On July 30, 2019, Ravich purchased an aggregate of 1,560,000 Shares in a private placement offering by the Company of its common stock for an aggregate purchase price of $2,808,000 at a purchase price per Share of $1.80. In connection with such private placement offering, Ravich also received warrants to purchase an aggregate of 519,480 Shares at an exercise price of $1.80 with two year terms.”

On September 6, 2019, Ravich received 133,070 Shares from the Company as compensation for services provided as the Company's Executive Chairman.

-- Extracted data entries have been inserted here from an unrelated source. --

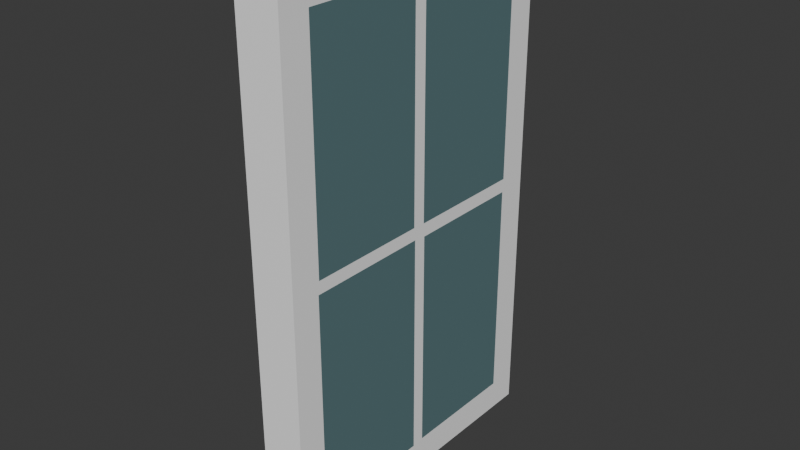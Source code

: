 # Source: window1.blend  (saved by Blender 4.5.90; exported with 4.5.12 LTS)
import bpy
from mathutils import Matrix  # noqa: F401  (used for matrix-valued properties, if any)

bpy.ops.wm.read_factory_settings(use_empty=True)
scene = bpy.context.scene
scene.name = 'Scene'

# ---- collections
col_collection = bpy.data.collections.new('Collection'); scene.collection.children.link(col_collection)

# ---- materials (node trees are filled in below, after node groups)
mat_material_001 = bpy.data.materials.new('Material.001')
mat_material_002 = bpy.data.materials.new('Material.002')

# ---- material node trees
mat_material_001.use_nodes = True; mat_material_001.node_tree.nodes.clear()
_N = mat_material_001.node_tree.nodes; _L = mat_material_001.node_tree.links
n0 = _N.new('ShaderNodeBsdfPrincipled'); n0.name = 'Principled BSDF'; n0.location = (-200, 100)
n0.inputs[0].default_value = (1.0, 1.0, 1.0, 0.05882)
n1 = _N.new('ShaderNodeOutputMaterial'); n1.name = 'Material Output'; n1.location = (200, 100)
_L.new(n0.outputs[0], n1.inputs[0])
n1.is_active_output = True
mat_material_002.use_nodes = True; mat_material_002.node_tree.nodes.clear()
_N = mat_material_002.node_tree.nodes; _L = mat_material_002.node_tree.links
n0 = _N.new('ShaderNodeBsdfPrincipled'); n0.name = 'Principled BSDF'; n0.location = (-200, 100)
n0.inputs[0].default_value = (0.1109, 0.2013, 0.2159, 1.0)
n1 = _N.new('ShaderNodeOutputMaterial'); n1.name = 'Material Output'; n1.location = (200, 100)
_L.new(n0.outputs[0], n1.inputs[0])
n1.is_active_output = True

# ---- world
world_world = bpy.data.worlds.new('World'); scene.world = world_world
world_world.use_nodes = True; world_world.node_tree.nodes.clear()
_N = world_world.node_tree.nodes; _L = world_world.node_tree.links
n0 = _N.new('ShaderNodeOutputWorld'); n0.name = 'World Output'; n0.location = (200, 100)
n1 = _N.new('ShaderNodeBackground'); n1.name = 'Background'; n1.location = (-200, 100)
n1.inputs[0].default_value = (0.05088, 0.05088, 0.05088, 1.0)
_L.new(n1.outputs[0], n0.inputs[0])
n0.is_active_output = True
world_world.color = (0.05088, 0.05088, 0.05088)
world_world.sun_shadow_jitter_overblur = 0.0

# ---- meshes
me_cube_001 = bpy.data.meshes.new('Cube.001')
me_cube_001.from_pydata([(-0.9538, -1.985, -3.283), (-0.9538, -1.985, 3.283), (-0.9538, 1.985, -3.283), (-0.9538, 1.985, 3.283), (0.9538, -1.623, -2.921), (0.9538, -1.607, 2.906), (0.9538, 1.604, -2.902), (0.9538, 1.616, 2.914), (-0.9538, 0.0, -3.283), (-0.9538, -1.985, 0.0), (-0.9538, 0.0, 3.283), (-0.9538, 1.985, 0.0), (0.0, 1.985, -3.283), (0.0, 1.985, 3.283), (0.9538, 1.616, 0.07841), (0.9538, -0.07119, -2.921), (0.9538, -0.087, 2.906), (0.9538, -1.607, 0.087), (0.0, -1.985, -3.283), (0.0, -1.985, 3.283), (0.0, 0.0, 3.283), (0.0, 0.0, -3.283), (0.0, -1.985, 0.0), (0.9538, -0.087, 0.087), (0.0, 1.985, 0.0), (-0.9538, 0.0, 0.0), (0.9538, 1.985, 0.0), (0.9538, 1.985, -3.283), (0.9538, 0.0, -3.283), (0.9538, 0.0, 3.283), (0.9538, -1.985, 3.283), (0.9538, -1.985, 0.0), (0.9538, -1.985, -3.283), (0.9538, 1.985, 3.283), (0.9538, 0.07841, 0.07841), (0.9538, -1.623, -0.07119), (0.9538, 0.07841, 2.914), (0.9538, -1.694, 2.993), (0.9538, 1.604, -0.09022), (0.9538, -0.07119, -0.07119), (0.9538, 0.0, 2.993), (0.9538, 1.694, 2.993), (0.9538, 0.09022, -0.09022), (0.9538, -1.694, 0.0), (0.9538, 0.09022, -2.902), (0.9538, -1.694, -2.993), (0.9538, 1.694, 0.0), (0.9538, 0.0, 0.0), (0.9538, 0.0, -2.993), (0.9538, 1.694, -2.993)], [], [(25, 10, 3, 11), (24, 13, 33, 26), (23, 16, 5, 17), (22, 19, 1, 9), (21, 28, 32, 18), (20, 10, 1, 19), (29, 20, 19, 30), (33, 13, 20, 29), (13, 3, 10, 20), (8, 21, 18, 0), (2, 12, 21, 8), (12, 27, 28, 21), (18, 22, 9, 0), (32, 31, 22, 18), (31, 30, 19, 22), (15, 39, 35, 4), (6, 38, 42, 44), (14, 7, 36, 34), (12, 24, 26, 27), (2, 11, 24, 12), (11, 3, 13, 24), (8, 25, 11, 2), (0, 9, 25, 8), (9, 1, 10, 25), (46, 49, 27, 26), (49, 48, 28, 27), (37, 40, 29, 30), (45, 43, 31, 32), (41, 46, 26, 33), (48, 45, 32, 28), (40, 41, 33, 29), (43, 37, 30, 31), (23, 17, 43, 47), (16, 23, 47, 40), (5, 16, 40, 37), (17, 5, 37, 43), (14, 34, 47, 46), (34, 36, 40, 47), (7, 14, 46, 41), (36, 7, 41, 40), (35, 39, 47, 43), (39, 15, 48, 47), (4, 35, 43, 45), (15, 4, 45, 48), (42, 38, 46, 47), (44, 42, 47, 48), (38, 6, 49, 46), (6, 44, 48, 49)])
me_cube_001.polygons.foreach_set('material_index', [0, 0, 1, 0, 0, 0, 0, 0, 0, 0, 0, 0, 0, 0, 0, 1, 1, 1, 0, 0, 0, 0, 0, 0, 0, 0, 0, 0, 0, 0, 0, 0, 0, 0, 0, 0, 0, 0, 0, 0, 0, 0, 0, 0, 0, 0, 0, 0])
_uv = me_cube_001.uv_layers.new(name='UVMap')
_uv.uv.foreach_set('vector', [0.5, 0.125, 0.625, 0.125, 0.625, 0.25, 0.5, 0.25, 0.5, 0.375, 0.625, 0.375, 0.625, 0.5, 0.5, 0.5, 0.5033, 0.6305, 0.6106, 0.6305, 0.6106, 0.7262, 0.5033, 0.7262, 0.5, 0.875, 0.625, 0.875, 0.625, 1.0, 0.5, 1.0, 0.25, 0.625, 0.375, 0.625, 0.375, 0.75, 0.25, 0.75, 0.75, 0.625, 0.875, 0.625, 0.875, 0.75, 0.75, 0.75, 0.625, 0.625, 0.75, 0.625, 0.75, 0.75, 0.625, 0.75, 0.625, 0.5, 0.75, 0.5, 0.75, 0.625, 0.625, 0.625, 0.75, 0.5, 0.875, 0.5, 0.875, 0.625, 0.75, 0.625, 0.125, 0.625, 0.25, 0.625, 0.25, 0.75, 0.125, 0.75, 0.125, 0.5, 0.25, 0.5, 0.25, 0.625, 0.125, 0.625, 0.25, 0.5, 0.375, 0.5, 0.375, 0.625, 0.25, 0.625, 0.375, 0.875, 0.5, 0.875, 0.5, 1.0, 0.375, 1.0, 0.375, 0.75, 0.5, 0.75, 0.5, 0.875, 0.375, 0.875, 0.5, 0.75, 0.625, 0.75, 0.625, 0.875, 0.5, 0.875, 0.3888, 0.6295, 0.4973, 0.6295, 0.4973, 0.7272, 0.3888, 0.7272, 0.3895, 0.524, 0.4966, 0.524, 0.4966, 0.6193, 0.3895, 0.6193, 0.503, 0.5232, 0.611, 0.5232, 0.611, 0.6201, 0.503, 0.6201, 0.375, 0.375, 0.5, 0.375, 0.5, 0.5, 0.375, 0.5, 0.375, 0.25, 0.5, 0.25, 0.5, 0.375, 0.375, 0.375, 0.5, 0.25, 0.625, 0.25, 0.625, 0.375, 0.5, 0.375, 0.375, 0.125, 0.5, 0.125, 0.5, 0.25, 0.375, 0.25, 0.375, 0.0, 0.5, 0.0, 0.5, 0.125, 0.375, 0.125, 0.5, 0.0, 0.625, 0.0, 0.625, 0.125, 0.5, 0.125, 0.5, 0.5183, 0.3861, 0.5183, 0.375, 0.5, 0.5, 0.5, 0.3861, 0.5183, 0.3861, 0.625, 0.375, 0.625, 0.375, 0.5, 0.6139, 0.7317, 0.6139, 0.625, 0.625, 0.625, 0.625, 0.75, 0.3861, 0.7317, 0.5, 0.7317, 0.5, 0.75, 0.375, 0.75, 0.6139, 0.5183, 0.5, 0.5183, 0.5, 0.5, 0.625, 0.5, 0.3861, 0.625, 0.3861, 0.7317, 0.375, 0.75, 0.375, 0.625, 0.6139, 0.625, 0.6139, 0.5183, 0.625, 0.5, 0.625, 0.625, 0.5, 0.7317, 0.6139, 0.7317, 0.625, 0.75, 0.5, 0.75, 0.5033, 0.6305, 0.5033, 0.7262, 0.5, 0.7317, 0.5, 0.625, 0.6106, 0.6305, 0.5033, 0.6305, 0.5, 0.625, 0.6139, 0.625, 0.6106, 0.7262, 0.6106, 0.6305, 0.6139, 0.625, 0.6139, 0.7317, 0.5033, 0.7262, 0.6106, 0.7262, 0.6139, 0.7317, 0.5, 0.7317, 0.503, 0.5232, 0.503, 0.6201, 0.5, 0.625, 0.5, 0.5183, 0.503, 0.6201, 0.611, 0.6201, 0.6139, 0.625, 0.5, 0.625, 0.611, 0.5232, 0.503, 0.5232, 0.5, 0.5183, 0.6139, 0.5183, 0.611, 0.6201, 0.611, 0.5232, 0.6139, 0.5183, 0.6139, 0.625, 0.4973, 0.7272, 0.4973, 0.6295, 0.5, 0.625, 0.5, 0.7317, 0.4973, 0.6295, 0.3888, 0.6295, 0.3861, 0.625, 0.5, 0.625, 0.3888, 0.7272, 0.4973, 0.7272, 0.5, 0.7317, 0.3861, 0.7317, 0.3888, 0.6295, 0.3888, 0.7272, 0.3861, 0.7317, 0.3861, 0.625, 0.4966, 0.6193, 0.4966, 0.524, 0.5, 0.5183, 0.5, 0.625, 0.3895, 0.6193, 0.4966, 0.6193, 0.5, 0.625, 0.3861, 0.625, 0.4966, 0.524, 0.3895, 0.524, 0.3861, 0.5183, 0.5, 0.5183, 0.3895, 0.524, 0.3895, 0.6193, 0.3861, 0.625, 0.3861, 0.5183])
me_cube_001.materials.append(mat_material_001)
me_cube_001.materials.append(mat_material_002)
me_cube_001.update()

# ---- objects
ob_cube = bpy.data.objects.new('Cube', me_cube_001)

# ---- transforms, parenting, visibility, modifiers, constraints
ob_cube.location = (-0.0168, 0.01069, 3.283)
ob_cube.scale = (0.2918, 1.0, 1.0)

# ---- collection membership
col_collection.objects.link(ob_cube)

# ---- scene / render settings (as saved in the file)
scene.frame_start = 1; scene.frame_end = 250; scene.frame_set(50)
scene.render.engine = 'CYCLES'
bpy.context.view_layer.update()

# ---- added for rendering (the .blend has no active camera and no usable light): camera, sun
cam_auto = bpy.data.cameras.new('AutoCamera')
cam_auto.lens = 50.0
cam_auto.sensor_width = 36.0
cam_auto.clip_end = 1000.0
ob_auto_camera = bpy.data.objects.new('AutoCamera', cam_auto)
scene.collection.objects.link(ob_auto_camera)
ob_auto_camera.location = (7.10106, -8.53074, 8.9774)
ob_auto_camera.rotation_euler = (1.09748, -7.21219e-08, 0.694738)
scene.camera = ob_auto_camera
light_auto_sun = bpy.data.lights.new('AutoSun', 'SUN')
light_auto_sun.energy = 3.0
light_auto_sun.angle = 0.0523599
ob_auto_sun = bpy.data.objects.new('AutoSun', light_auto_sun)
scene.collection.objects.link(ob_auto_sun)
ob_auto_sun.rotation_euler = (0.872665, 0.174533, 0.523599)
bpy.context.view_layer.update()

On July 29, 2019, Ravich entered into the Employment Agreement (the “Employment Agreement”) with the Company, in substantially the form filed with the Commission on Form 8-K dated August 1, 2019 (the “August 8-K”), pursuant to which, among others, Ravich agreed to enter into a voting agreement having certain terms as set forth in the Employment Agreement.

On September 6, 2019, in connection with the Employment Agreement, Ravich and the Company entered into the Voting Agreement (the “Voting Agreement”), pursuant to which any stock held by Ravich or any of his affiliates in excess of 40% of the outstanding stock of the Company shall be automatically voted with the majority of all other outstanding stock of the Company.

The descriptions of the Employment Agreement and Voting Agreement set forth above do not purport to be complete and are qualified in their entirety by reference to the Employment Agreement, a copy of which is attached to the August 8-K as Exhibit 10.2, and to the Voting Agreement, a copy of which is attached hereto as Exhibit 99.1 and incorporated herein by reference.

The information supplied in this Schedule 13D is provided as of September 10, 2019.

     

 

 

Except as set forth in this Item 4, the reporting person has no plans or proposals that relate to or would result in any of the actions specified in clauses (a) through (j) of Item 4 of Schedule 13D.”

 

 

     

 

 

SIGNATURE

After reasonable inquiry and to the best of my knowledge and belief, I certify that the information set forth in this statement is true, complete and correct.